Only the lines from the one containing "gravitational force : Subsystem" through the one containing "Demux : Demux" should be printed, exactly as they appear below, with both ends included.

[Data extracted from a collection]

━━━━

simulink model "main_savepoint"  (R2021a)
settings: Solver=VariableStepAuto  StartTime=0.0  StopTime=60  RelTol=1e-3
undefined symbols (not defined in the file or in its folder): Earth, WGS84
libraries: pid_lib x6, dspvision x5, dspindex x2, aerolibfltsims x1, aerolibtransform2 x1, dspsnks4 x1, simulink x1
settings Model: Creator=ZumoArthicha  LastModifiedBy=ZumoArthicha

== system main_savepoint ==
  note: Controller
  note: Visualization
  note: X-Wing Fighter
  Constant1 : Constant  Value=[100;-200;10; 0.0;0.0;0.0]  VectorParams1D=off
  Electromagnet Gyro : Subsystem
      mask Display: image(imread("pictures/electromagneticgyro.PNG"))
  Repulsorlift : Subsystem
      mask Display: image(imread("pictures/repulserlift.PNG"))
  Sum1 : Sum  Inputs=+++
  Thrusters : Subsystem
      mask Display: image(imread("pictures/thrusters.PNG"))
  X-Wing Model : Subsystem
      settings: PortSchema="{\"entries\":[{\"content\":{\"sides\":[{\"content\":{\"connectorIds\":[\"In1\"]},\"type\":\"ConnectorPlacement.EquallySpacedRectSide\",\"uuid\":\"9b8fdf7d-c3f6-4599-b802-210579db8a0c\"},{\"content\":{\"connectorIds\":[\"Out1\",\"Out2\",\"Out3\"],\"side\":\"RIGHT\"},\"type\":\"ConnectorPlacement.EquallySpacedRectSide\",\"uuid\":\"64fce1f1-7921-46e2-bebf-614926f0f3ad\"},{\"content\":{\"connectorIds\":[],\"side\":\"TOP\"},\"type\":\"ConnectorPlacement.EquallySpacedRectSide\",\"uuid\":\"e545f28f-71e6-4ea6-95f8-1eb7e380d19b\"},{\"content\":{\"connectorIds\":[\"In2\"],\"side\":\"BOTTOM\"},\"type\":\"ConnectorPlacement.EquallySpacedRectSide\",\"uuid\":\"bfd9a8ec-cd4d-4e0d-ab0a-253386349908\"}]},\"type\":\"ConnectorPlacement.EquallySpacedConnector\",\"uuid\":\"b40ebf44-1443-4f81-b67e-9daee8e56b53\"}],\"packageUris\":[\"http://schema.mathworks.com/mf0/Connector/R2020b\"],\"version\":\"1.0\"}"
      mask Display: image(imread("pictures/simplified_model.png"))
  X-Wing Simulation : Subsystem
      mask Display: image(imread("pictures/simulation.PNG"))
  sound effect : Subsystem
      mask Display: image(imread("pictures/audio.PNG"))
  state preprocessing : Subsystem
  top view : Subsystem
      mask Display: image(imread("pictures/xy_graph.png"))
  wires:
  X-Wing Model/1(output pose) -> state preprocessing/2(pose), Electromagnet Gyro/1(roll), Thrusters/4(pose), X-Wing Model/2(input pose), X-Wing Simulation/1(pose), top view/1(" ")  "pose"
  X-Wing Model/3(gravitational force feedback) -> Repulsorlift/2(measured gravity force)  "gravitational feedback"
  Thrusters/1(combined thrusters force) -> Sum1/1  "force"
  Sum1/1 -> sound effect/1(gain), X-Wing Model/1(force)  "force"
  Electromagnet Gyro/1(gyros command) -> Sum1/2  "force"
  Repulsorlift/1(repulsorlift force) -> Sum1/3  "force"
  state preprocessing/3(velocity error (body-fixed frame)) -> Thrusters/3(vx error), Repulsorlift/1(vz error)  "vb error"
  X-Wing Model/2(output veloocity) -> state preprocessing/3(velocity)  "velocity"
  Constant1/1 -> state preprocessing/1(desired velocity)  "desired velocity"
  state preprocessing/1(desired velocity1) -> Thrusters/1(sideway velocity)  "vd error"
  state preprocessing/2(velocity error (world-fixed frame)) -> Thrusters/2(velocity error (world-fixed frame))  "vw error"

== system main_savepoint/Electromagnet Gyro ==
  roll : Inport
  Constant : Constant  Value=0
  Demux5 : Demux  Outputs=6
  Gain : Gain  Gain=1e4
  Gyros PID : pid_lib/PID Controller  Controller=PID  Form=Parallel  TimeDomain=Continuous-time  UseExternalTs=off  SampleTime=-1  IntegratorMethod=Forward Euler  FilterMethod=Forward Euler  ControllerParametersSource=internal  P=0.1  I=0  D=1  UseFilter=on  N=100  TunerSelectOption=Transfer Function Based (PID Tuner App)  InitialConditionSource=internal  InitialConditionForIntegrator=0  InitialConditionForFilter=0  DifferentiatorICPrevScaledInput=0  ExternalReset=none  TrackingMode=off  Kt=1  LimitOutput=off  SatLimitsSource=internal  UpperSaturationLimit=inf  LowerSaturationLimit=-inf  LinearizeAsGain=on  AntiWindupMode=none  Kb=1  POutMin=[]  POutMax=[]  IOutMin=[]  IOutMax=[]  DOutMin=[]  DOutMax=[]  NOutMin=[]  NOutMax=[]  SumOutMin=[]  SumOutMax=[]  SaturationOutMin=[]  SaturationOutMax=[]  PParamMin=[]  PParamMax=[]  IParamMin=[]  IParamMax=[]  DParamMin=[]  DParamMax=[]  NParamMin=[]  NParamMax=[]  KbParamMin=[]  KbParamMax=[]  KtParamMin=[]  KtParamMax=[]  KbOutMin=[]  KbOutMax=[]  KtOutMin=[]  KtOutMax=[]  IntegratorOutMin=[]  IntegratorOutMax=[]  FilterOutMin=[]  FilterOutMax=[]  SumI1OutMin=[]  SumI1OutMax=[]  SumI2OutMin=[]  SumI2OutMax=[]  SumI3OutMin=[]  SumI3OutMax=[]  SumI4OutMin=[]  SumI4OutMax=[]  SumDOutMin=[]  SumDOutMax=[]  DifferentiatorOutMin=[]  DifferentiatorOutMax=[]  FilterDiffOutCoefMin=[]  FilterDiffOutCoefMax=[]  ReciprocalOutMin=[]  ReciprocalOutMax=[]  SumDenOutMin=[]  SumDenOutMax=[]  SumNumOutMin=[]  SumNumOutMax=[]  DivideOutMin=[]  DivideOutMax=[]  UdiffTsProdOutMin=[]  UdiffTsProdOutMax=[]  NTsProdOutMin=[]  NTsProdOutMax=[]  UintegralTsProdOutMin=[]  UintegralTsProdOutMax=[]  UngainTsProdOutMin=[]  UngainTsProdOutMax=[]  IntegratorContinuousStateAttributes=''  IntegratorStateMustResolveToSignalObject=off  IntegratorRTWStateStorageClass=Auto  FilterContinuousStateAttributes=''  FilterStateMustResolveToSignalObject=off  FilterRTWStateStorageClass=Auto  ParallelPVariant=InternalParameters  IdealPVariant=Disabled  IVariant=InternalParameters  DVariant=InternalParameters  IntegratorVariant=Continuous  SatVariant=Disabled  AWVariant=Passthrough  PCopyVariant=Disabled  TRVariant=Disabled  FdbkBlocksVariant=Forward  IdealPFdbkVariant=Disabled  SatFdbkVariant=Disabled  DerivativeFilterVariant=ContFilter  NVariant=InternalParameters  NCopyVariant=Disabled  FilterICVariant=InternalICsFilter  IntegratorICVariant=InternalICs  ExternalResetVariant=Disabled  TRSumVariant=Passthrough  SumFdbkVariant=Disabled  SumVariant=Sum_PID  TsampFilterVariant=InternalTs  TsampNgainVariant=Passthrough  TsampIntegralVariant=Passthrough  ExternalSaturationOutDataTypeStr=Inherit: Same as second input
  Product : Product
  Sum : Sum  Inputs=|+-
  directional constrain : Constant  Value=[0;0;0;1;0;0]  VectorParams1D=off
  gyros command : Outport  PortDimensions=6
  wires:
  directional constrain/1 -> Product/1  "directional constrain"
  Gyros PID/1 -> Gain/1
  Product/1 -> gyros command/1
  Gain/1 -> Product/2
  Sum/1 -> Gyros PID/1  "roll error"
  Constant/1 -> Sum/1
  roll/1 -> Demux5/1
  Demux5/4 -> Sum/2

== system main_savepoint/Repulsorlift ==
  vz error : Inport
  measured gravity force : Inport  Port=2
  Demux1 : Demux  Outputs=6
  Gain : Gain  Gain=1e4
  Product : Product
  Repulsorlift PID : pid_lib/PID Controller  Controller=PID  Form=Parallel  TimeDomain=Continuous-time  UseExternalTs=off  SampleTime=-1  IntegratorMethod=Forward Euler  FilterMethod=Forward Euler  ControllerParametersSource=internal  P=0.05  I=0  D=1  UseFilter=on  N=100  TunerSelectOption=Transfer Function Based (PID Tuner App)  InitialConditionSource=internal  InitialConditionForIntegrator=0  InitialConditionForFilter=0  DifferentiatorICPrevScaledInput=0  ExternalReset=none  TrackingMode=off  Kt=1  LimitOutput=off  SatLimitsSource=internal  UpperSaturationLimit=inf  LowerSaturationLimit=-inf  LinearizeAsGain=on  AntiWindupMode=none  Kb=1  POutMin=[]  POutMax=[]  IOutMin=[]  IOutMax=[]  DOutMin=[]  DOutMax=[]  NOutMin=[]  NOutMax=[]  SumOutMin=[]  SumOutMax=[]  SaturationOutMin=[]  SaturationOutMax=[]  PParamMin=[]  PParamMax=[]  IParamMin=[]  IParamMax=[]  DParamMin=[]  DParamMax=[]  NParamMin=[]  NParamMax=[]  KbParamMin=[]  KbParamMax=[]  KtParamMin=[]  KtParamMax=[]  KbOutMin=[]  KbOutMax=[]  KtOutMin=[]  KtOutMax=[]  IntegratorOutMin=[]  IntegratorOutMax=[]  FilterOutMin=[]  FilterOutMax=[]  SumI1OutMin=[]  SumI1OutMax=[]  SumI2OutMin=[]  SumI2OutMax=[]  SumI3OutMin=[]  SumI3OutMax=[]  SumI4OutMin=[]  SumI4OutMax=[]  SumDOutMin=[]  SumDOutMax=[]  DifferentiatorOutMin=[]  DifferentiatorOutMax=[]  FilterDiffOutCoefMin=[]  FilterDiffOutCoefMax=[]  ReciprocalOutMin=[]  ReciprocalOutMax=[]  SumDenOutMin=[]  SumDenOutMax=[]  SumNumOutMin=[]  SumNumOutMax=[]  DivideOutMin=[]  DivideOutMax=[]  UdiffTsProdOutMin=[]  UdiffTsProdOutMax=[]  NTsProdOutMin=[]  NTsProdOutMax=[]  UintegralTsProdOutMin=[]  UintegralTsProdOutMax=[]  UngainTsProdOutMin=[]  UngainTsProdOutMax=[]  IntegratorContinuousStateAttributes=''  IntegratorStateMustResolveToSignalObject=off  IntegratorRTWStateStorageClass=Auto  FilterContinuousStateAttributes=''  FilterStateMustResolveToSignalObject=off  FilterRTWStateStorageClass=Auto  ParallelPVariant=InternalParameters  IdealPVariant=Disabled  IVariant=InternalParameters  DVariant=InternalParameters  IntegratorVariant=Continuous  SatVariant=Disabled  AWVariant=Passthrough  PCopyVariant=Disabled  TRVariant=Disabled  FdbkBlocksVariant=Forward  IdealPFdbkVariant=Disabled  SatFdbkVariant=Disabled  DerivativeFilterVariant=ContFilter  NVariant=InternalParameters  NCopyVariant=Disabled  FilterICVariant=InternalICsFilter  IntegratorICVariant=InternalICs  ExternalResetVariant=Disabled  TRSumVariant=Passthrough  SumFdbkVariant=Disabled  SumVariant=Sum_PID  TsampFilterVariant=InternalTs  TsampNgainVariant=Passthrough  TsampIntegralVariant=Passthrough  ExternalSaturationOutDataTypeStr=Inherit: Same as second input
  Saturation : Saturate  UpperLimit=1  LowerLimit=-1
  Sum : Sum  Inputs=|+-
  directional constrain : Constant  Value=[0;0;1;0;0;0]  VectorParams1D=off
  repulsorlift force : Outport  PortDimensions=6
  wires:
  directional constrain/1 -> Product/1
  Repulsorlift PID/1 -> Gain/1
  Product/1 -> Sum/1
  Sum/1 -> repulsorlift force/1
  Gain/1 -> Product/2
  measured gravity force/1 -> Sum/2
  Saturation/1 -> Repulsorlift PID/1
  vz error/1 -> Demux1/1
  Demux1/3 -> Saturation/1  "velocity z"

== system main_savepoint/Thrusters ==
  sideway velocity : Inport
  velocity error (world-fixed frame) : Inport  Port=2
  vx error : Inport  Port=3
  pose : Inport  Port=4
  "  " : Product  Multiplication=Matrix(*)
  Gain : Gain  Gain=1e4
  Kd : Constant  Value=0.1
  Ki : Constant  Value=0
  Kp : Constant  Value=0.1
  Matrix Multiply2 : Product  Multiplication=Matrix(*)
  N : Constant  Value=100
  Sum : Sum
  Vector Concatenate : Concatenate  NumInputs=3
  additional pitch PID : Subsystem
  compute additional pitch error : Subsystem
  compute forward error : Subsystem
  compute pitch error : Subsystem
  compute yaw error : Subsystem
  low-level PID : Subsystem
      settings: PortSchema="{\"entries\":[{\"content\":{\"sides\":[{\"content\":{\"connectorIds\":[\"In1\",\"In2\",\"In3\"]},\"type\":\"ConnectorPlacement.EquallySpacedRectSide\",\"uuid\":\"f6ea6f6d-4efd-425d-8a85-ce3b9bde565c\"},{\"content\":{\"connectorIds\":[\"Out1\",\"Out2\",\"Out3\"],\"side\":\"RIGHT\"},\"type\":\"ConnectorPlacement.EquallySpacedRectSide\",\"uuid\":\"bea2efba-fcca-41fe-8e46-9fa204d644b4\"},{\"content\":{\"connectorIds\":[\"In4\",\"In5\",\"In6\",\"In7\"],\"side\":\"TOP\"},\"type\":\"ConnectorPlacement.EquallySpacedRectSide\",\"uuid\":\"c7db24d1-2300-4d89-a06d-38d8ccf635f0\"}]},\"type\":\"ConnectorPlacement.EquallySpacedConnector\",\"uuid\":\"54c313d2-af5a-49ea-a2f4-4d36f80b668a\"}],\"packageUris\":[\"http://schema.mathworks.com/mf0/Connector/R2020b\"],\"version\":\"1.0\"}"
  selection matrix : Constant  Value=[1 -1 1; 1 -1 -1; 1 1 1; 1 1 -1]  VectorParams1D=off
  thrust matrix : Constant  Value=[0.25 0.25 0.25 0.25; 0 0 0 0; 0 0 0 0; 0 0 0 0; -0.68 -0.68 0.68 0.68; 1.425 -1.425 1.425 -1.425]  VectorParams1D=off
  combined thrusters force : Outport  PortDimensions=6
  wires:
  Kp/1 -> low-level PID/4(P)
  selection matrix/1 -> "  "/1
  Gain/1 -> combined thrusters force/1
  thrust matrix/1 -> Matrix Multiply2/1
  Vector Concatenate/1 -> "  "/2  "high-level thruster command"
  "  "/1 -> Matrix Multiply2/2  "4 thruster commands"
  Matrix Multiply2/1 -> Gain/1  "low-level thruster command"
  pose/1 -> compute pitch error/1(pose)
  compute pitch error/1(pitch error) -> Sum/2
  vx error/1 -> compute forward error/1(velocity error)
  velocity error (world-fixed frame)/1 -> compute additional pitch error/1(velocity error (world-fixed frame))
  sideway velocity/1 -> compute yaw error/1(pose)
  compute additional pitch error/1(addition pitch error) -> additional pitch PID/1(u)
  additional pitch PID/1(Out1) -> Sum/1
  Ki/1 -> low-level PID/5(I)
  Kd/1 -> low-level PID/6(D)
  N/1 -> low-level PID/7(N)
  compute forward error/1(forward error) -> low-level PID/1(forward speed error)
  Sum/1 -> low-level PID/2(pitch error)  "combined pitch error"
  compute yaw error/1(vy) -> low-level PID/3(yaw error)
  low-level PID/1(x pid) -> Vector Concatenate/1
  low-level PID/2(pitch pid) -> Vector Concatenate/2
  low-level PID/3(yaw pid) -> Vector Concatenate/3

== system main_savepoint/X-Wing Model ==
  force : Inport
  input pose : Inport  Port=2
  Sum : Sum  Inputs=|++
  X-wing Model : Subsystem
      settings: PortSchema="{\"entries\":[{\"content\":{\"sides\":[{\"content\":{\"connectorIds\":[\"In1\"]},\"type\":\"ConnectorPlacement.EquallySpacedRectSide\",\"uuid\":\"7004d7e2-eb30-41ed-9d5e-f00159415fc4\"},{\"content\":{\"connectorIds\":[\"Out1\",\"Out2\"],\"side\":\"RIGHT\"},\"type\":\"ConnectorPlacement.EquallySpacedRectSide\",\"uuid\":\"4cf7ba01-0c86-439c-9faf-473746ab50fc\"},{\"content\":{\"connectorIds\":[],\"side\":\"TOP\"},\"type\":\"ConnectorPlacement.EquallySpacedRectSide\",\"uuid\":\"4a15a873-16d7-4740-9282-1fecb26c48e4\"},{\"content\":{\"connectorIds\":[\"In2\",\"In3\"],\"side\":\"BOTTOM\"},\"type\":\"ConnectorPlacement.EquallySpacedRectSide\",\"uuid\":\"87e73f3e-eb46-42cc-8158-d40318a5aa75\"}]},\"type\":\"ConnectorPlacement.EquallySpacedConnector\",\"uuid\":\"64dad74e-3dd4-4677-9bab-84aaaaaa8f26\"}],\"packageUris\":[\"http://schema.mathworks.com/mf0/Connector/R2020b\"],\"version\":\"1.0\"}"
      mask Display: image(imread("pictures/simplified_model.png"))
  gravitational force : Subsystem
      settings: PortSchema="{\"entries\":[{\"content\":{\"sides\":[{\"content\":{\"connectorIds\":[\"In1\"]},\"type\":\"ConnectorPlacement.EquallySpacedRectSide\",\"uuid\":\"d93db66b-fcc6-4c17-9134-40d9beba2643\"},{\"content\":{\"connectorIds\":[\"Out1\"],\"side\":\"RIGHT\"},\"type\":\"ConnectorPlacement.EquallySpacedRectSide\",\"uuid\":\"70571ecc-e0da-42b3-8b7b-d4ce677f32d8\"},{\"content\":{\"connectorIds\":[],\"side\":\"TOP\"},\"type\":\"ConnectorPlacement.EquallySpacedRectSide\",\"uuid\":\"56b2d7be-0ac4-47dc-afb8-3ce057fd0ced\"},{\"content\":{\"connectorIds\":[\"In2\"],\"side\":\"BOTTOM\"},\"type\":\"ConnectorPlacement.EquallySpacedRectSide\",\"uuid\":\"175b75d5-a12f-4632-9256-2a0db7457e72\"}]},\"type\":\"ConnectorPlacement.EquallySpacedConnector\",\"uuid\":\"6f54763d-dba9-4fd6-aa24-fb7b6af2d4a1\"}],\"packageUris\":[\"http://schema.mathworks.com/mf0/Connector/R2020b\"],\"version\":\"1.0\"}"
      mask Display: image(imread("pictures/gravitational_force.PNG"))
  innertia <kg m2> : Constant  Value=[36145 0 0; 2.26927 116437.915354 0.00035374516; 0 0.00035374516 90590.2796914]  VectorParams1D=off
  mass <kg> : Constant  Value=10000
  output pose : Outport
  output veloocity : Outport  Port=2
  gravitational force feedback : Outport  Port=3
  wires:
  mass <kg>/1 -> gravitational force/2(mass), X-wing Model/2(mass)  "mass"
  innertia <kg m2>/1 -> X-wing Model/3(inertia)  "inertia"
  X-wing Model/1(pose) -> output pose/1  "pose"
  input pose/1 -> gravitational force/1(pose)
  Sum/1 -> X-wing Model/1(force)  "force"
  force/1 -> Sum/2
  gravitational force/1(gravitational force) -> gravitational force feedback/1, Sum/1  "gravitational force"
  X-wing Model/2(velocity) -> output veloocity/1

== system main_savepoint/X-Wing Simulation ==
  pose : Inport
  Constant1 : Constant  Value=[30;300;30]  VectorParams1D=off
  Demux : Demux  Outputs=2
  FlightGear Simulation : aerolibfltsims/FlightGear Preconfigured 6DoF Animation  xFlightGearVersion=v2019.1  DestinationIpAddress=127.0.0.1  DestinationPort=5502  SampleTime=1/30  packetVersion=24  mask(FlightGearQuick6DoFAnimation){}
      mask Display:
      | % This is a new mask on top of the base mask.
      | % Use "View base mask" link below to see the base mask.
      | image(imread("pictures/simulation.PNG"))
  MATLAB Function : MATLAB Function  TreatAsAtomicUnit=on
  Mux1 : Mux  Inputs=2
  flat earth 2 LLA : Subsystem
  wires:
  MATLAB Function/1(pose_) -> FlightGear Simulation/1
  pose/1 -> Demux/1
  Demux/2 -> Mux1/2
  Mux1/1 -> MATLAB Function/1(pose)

━━━━

Result of this exercise:
  gravitational force : Subsystem
      settings: PortSchema="{\"entries\":[{\"content\":{\"sides\":[{\"content\":{\"connectorIds\":[\"In1\"]},\"type\":\"ConnectorPlacement.EquallySpacedRectSide\",\"uuid\":\"d93db66b-fcc6-4c17-9134-40d9beba2643\"},{\"content\":{\"connectorIds\":[\"Out1\"],\"side\":\"RIGHT\"},\"type\":\"ConnectorPlacement.EquallySpacedRectSide\",\"uuid\":\"70571ecc-e0da-42b3-8b7b-d4ce677f32d8\"},{\"content\":{\"connectorIds\":[],\"side\":\"TOP\"},\"type\":\"ConnectorPlacement.EquallySpacedRectSide\",\"uuid\":\"56b2d7be-0ac4-47dc-afb8-3ce057fd0ced\"},{\"content\":{\"connectorIds\":[\"In2\"],\"side\":\"BOTTOM\"},\"type\":\"ConnectorPlacement.EquallySpacedRectSide\",\"uuid\":\"175b75d5-a12f-4632-9256-2a0db7457e72\"}]},\"type\":\"ConnectorPlacement.EquallySpacedConnector\",\"uuid\":\"6f54763d-dba9-4fd6-aa24-fb7b6af2d4a1\"}],\"packageUris\":[\"http://schema.mathworks.com/mf0/Connector/R2020b\"],\"version\":\"1.0\"}"
      mask Display: image(imread("pictures/gravitational_force.PNG"))
  innertia <kg m2> : Constant  Value=[36145 0 0; 2.26927 116437.915354 0.00035374516; 0 0.00035374516 90590.2796914]  VectorParams1D=off
  mass <kg> : Constant  Value=10000
  output pose : Outport
  output veloocity : Outport  Port=2
  gravitational force feedback : Outport  Port=3
  wires:
  mass <kg>/1 -> gravitational force/2(mass), X-wing Model/2(mass)  "mass"
  innertia <kg m2>/1 -> X-wing Model/3(inertia)  "inertia"
  X-wing Model/1(pose) -> output pose/1  "pose"
  input pose/1 -> gravitational force/1(pose)
  Sum/1 -> X-wing Model/1(force)  "force"
  force/1 -> Sum/2
  gravitational force/1(gravitational force) -> gravitational force feedback/1, Sum/1  "gravitational force"
  X-wing Model/2(velocity) -> output veloocity/1

== system main_savepoint/X-Wing Simulation ==
  pose : Inport
  Constant1 : Constant  Value=[30;300;30]  VectorParams1D=off
  Demux : Demux  Outputs=2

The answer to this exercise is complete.